Beiträge von Condor

    Genau das habe ich doch gesagt: Bitte vergleiche keine Äpfel mit Birnen. Ich vergleiche ja auch keine Doppeltraktion auf der 20 mit einem Solo-U5-25 auf der U9.

    Warum also ziehst Du einen Vergleich zwischen 4 Wagen und 1 Wagen? Auf der Straßenbahn darfst Du 75 Meter-Züge fahren. Pi mal Daumen haben U5-Wagen und S-Wagen ungefähr die gleiche Sitzplatzkapazität (U5 auf 25 Meter 48+6 Sitzplätze zu S auf 30 Meter 64). Also hättest Du mit einer Bahn, die die BOStrab voll ausnutzt etwa 75% der Sitzplätze eines U5-4-Wagen-Zuges. Damit ist Deine angestellte Rechnung bezüglich der Takte falsch. Dann fährst Du nicht alle 1,25 Minuten, sondern nur alle 3.75 Minuten, um die gleiche Leistung zu bringen. Und selbst wenn Du mit einem vorhandenen S-Wagen in Doppeltraktion fährst und damit die BOStrab nicht voll ausnutzt, hast Du immerhin 128/196 als Kapazität.

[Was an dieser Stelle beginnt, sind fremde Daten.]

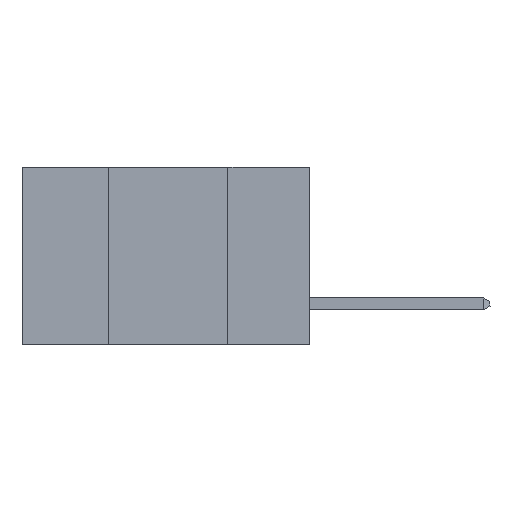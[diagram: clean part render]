
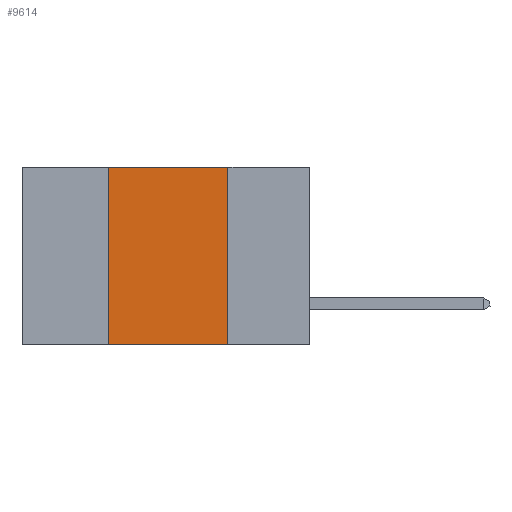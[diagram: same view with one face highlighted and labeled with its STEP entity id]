
A CAD part, left-side view. The second image highlights one B-rep face of the part: STEP entity #9614.
In plain terms, the highlighted planar face has unit normal (-1, 0, 0).
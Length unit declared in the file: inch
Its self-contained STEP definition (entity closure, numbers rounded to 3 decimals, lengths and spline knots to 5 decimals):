
#158 = VERTEX_POINT ( 'NONE', #31364 ) ;
#682 = DIRECTION ( 'NONE',  ( 0., 0., -1. ) ) ;
#1139 = ORIENTED_EDGE ( 'NONE', *, *, #6676, .F. ) ;
#1255 = EDGE_CURVE ( 'NONE', #11147, #28214, #30231, .T. ) ;
#1658 = EDGE_CURVE ( 'NONE', #11147, #158, #24112, .T. ) ;
#3473 = VECTOR ( 'NONE', #32543, 39.37008 ) ;
#3541 = CARTESIAN_POINT ( 'NONE',  ( 0., 0.17, 0. ) ) ;
#4134 = CARTESIAN_POINT ( 'NONE',  ( 0., 0.42, 0. ) ) ;
#5222 = ORIENTED_EDGE ( 'NONE', *, *, #1255, .T. ) ;
#6676 = EDGE_CURVE ( 'NONE', #158, #7958, #28524, .T. ) ;
#7544 = VECTOR ( 'NONE', #13338, 39.37008 ) ;
#7958 = VERTEX_POINT ( 'NONE', #25405 ) ;
#9614 = ADVANCED_FACE ( 'NONE', ( #24692 ), #27014, .F. ) ;
#10560 = LINE ( 'NONE', #3541, #3473 ) ;
#10677 = CARTESIAN_POINT ( 'NONE',  ( 0., 0.6, 0. ) ) ;
#10733 = ORIENTED_EDGE ( 'NONE', *, *, #27453, .F. ) ;
#11115 = EDGE_LOOP ( 'NONE', ( #10733, #1139, #15243, #5222 ) ) ;
#11147 = VERTEX_POINT ( 'NONE', #14713 ) ;
#13338 = DIRECTION ( 'NONE',  ( 0., -1., 0. ) ) ;
#14713 = CARTESIAN_POINT ( 'NONE',  ( 0., 0.42, -0.37 ) ) ;
#15243 = ORIENTED_EDGE ( 'NONE', *, *, #1658, .F. ) ;
#16305 = VECTOR ( 'NONE', #28924, 39.37008 ) ;
#16562 = DIRECTION ( 'NONE',  ( 1., 0., 0. ) ) ;
#17086 = VECTOR ( 'NONE', #20076, 39.37008 ) ;
#20076 = DIRECTION ( 'NONE',  ( 0., 0., 1. ) ) ;
#24112 = LINE ( 'NONE', #4134, #17086 ) ;
#24692 = FACE_OUTER_BOUND ( 'NONE', #11115, .T. ) ;
#25405 = CARTESIAN_POINT ( 'NONE',  ( 0., 0.17, 0. ) ) ;
#26300 = CARTESIAN_POINT ( 'NONE',  ( 0., 0.6, -0.37 ) ) ;
#27014 = PLANE ( 'NONE',  #32167 ) ;
#27453 = EDGE_CURVE ( 'NONE', #7958, #28214, #10560, .T. ) ;
#28214 = VERTEX_POINT ( 'NONE', #31494 ) ;
#28524 = LINE ( 'NONE', #10677, #7544 ) ;
#28924 = DIRECTION ( 'NONE',  ( 0., -1., 0. ) ) ;
#30231 = LINE ( 'NONE', #26300, #16305 ) ;
#31364 = CARTESIAN_POINT ( 'NONE',  ( 0., 0.42, 0. ) ) ;
#31494 = CARTESIAN_POINT ( 'NONE',  ( 0., 0.17, -0.37 ) ) ;
#32167 = AXIS2_PLACEMENT_3D ( 'NONE', #32251, #16562, #682 ) ;
#32251 = CARTESIAN_POINT ( 'NONE',  ( 0., 0.6, 0. ) ) ;
#32543 = DIRECTION ( 'NONE',  ( 0., 0., -1. ) ) ;
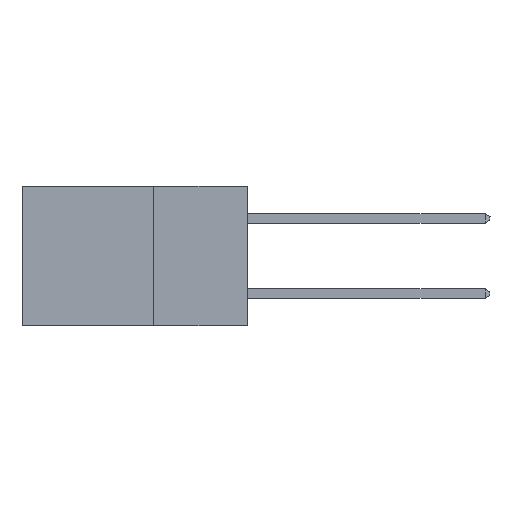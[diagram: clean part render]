
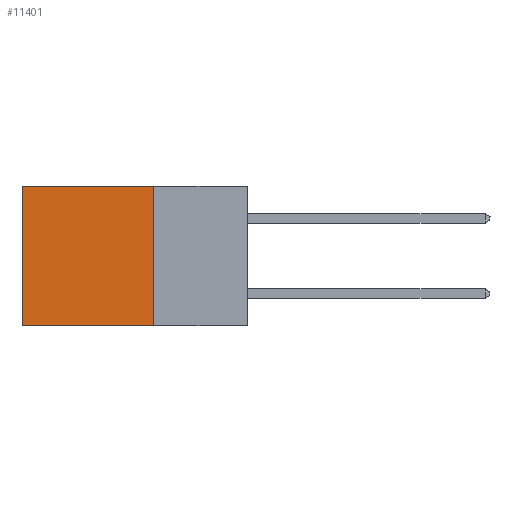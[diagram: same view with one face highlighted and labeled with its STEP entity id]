
A CAD part, left-side view. The second image highlights one B-rep face of the part: STEP entity #11401.
In plain terms, the highlighted planar face has unit normal (-1, 0, 0).
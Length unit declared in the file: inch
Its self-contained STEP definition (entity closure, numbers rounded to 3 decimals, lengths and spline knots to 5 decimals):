
#133 = LINE ( 'NONE', #6738, #11425 ) ;
#1906 = CARTESIAN_POINT ( 'NONE',  ( 0.298, 0.25, -0.37 ) ) ;
#2650 = VECTOR ( 'NONE', #11114, 39.37008 ) ;
#3169 = DIRECTION ( 'NONE',  ( 1., 0., 0. ) ) ;
#3321 = DIRECTION ( 'NONE',  ( 0., 0., -1. ) ) ;
#4838 = DIRECTION ( 'NONE',  ( 0., 0., -1. ) ) ;
#5313 = VECTOR ( 'NONE', #15665, 39.37008 ) ;
#5648 = LINE ( 'NONE', #22723, #19464 ) ;
#6738 = CARTESIAN_POINT ( 'NONE',  ( 0.298, 0.6, 0. ) ) ;
#7168 = VERTEX_POINT ( 'NONE', #13531 ) ;
#7640 = ORIENTED_EDGE ( 'NONE', *, *, #10877, .F. ) ;
#8461 = DIRECTION ( 'NONE',  ( 0., 0., -1. ) ) ;
#9143 = CARTESIAN_POINT ( 'NONE',  ( 0.298, 0.25, -0.37 ) ) ;
#10109 = VERTEX_POINT ( 'NONE', #20270 ) ;
#10877 = EDGE_CURVE ( 'NONE', #7168, #16197, #5648, .T. ) ;
#11114 = DIRECTION ( 'NONE',  ( 0., 1., 0. ) ) ;
#11197 = ORIENTED_EDGE ( 'NONE', *, *, #18650, .F. ) ;
#11401 = ADVANCED_FACE ( 'NONE', ( #16247 ), #19660, .F. ) ;
#11425 = VECTOR ( 'NONE', #4838, 39.37008 ) ;
#13183 = ORIENTED_EDGE ( 'NONE', *, *, #13880, .T. ) ;
#13531 = CARTESIAN_POINT ( 'NONE',  ( 0.298, 0.25, 0. ) ) ;
#13880 = EDGE_CURVE ( 'NONE', #7168, #10109, #15162, .T. ) ;
#13957 = CARTESIAN_POINT ( 'NONE',  ( 0.298, 0.25, 0. ) ) ;
#15162 = LINE ( 'NONE', #23156, #5313 ) ;
#15354 = ORIENTED_EDGE ( 'NONE', *, *, #18059, .T. ) ;
#15665 = DIRECTION ( 'NONE',  ( 0., 1., 0. ) ) ;
#15912 = LINE ( 'NONE', #9143, #2650 ) ;
#16197 = VERTEX_POINT ( 'NONE', #1906 ) ;
#16247 = FACE_OUTER_BOUND ( 'NONE', #16539, .T. ) ;
#16539 = EDGE_LOOP ( 'NONE', ( #15354, #11197, #7640, #13183 ) ) ;
#17289 = AXIS2_PLACEMENT_3D ( 'NONE', #13957, #3169, #3321 ) ;
#18059 = EDGE_CURVE ( 'NONE', #10109, #23426, #133, .T. ) ;
#18650 = EDGE_CURVE ( 'NONE', #16197, #23426, #15912, .T. ) ;
#19464 = VECTOR ( 'NONE', #8461, 39.37008 ) ;
#19660 = PLANE ( 'NONE',  #17289 ) ;
#20270 = CARTESIAN_POINT ( 'NONE',  ( 0.298, 0.6, 0. ) ) ;
#21787 = CARTESIAN_POINT ( 'NONE',  ( 0.298, 0.6, -0.37 ) ) ;
#22723 = CARTESIAN_POINT ( 'NONE',  ( 0.298, 0.25, 0. ) ) ;
#23156 = CARTESIAN_POINT ( 'NONE',  ( 0.298, 0.25, 0. ) ) ;
#23426 = VERTEX_POINT ( 'NONE', #21787 ) ;

    Das habe ich ja nicht gesagt. Bitte lesen, was ich erläutert habe. Es ging bei der Zahl von sechs (zusätzlichen) Linien nur darum, abzuschätzen, ob man die derzeitigen Pendlerzahlen mit Straßenbahnen wegbekäme. Die Frankfurter Binnennachfrage war nie Thema dieser Berechnung und auch nicht die Tatsache, daß diese Berechnung nur eine Obergrenze war und vernachlässigt, daß von den Pendlern bereits heute nicht alle mit dem Auto unterwegs sind und es über die Straßenbahn hinaus logischerweise noch andere Verkehrsträger (S-Bahn, U-Bahn, RB/RE) gibt.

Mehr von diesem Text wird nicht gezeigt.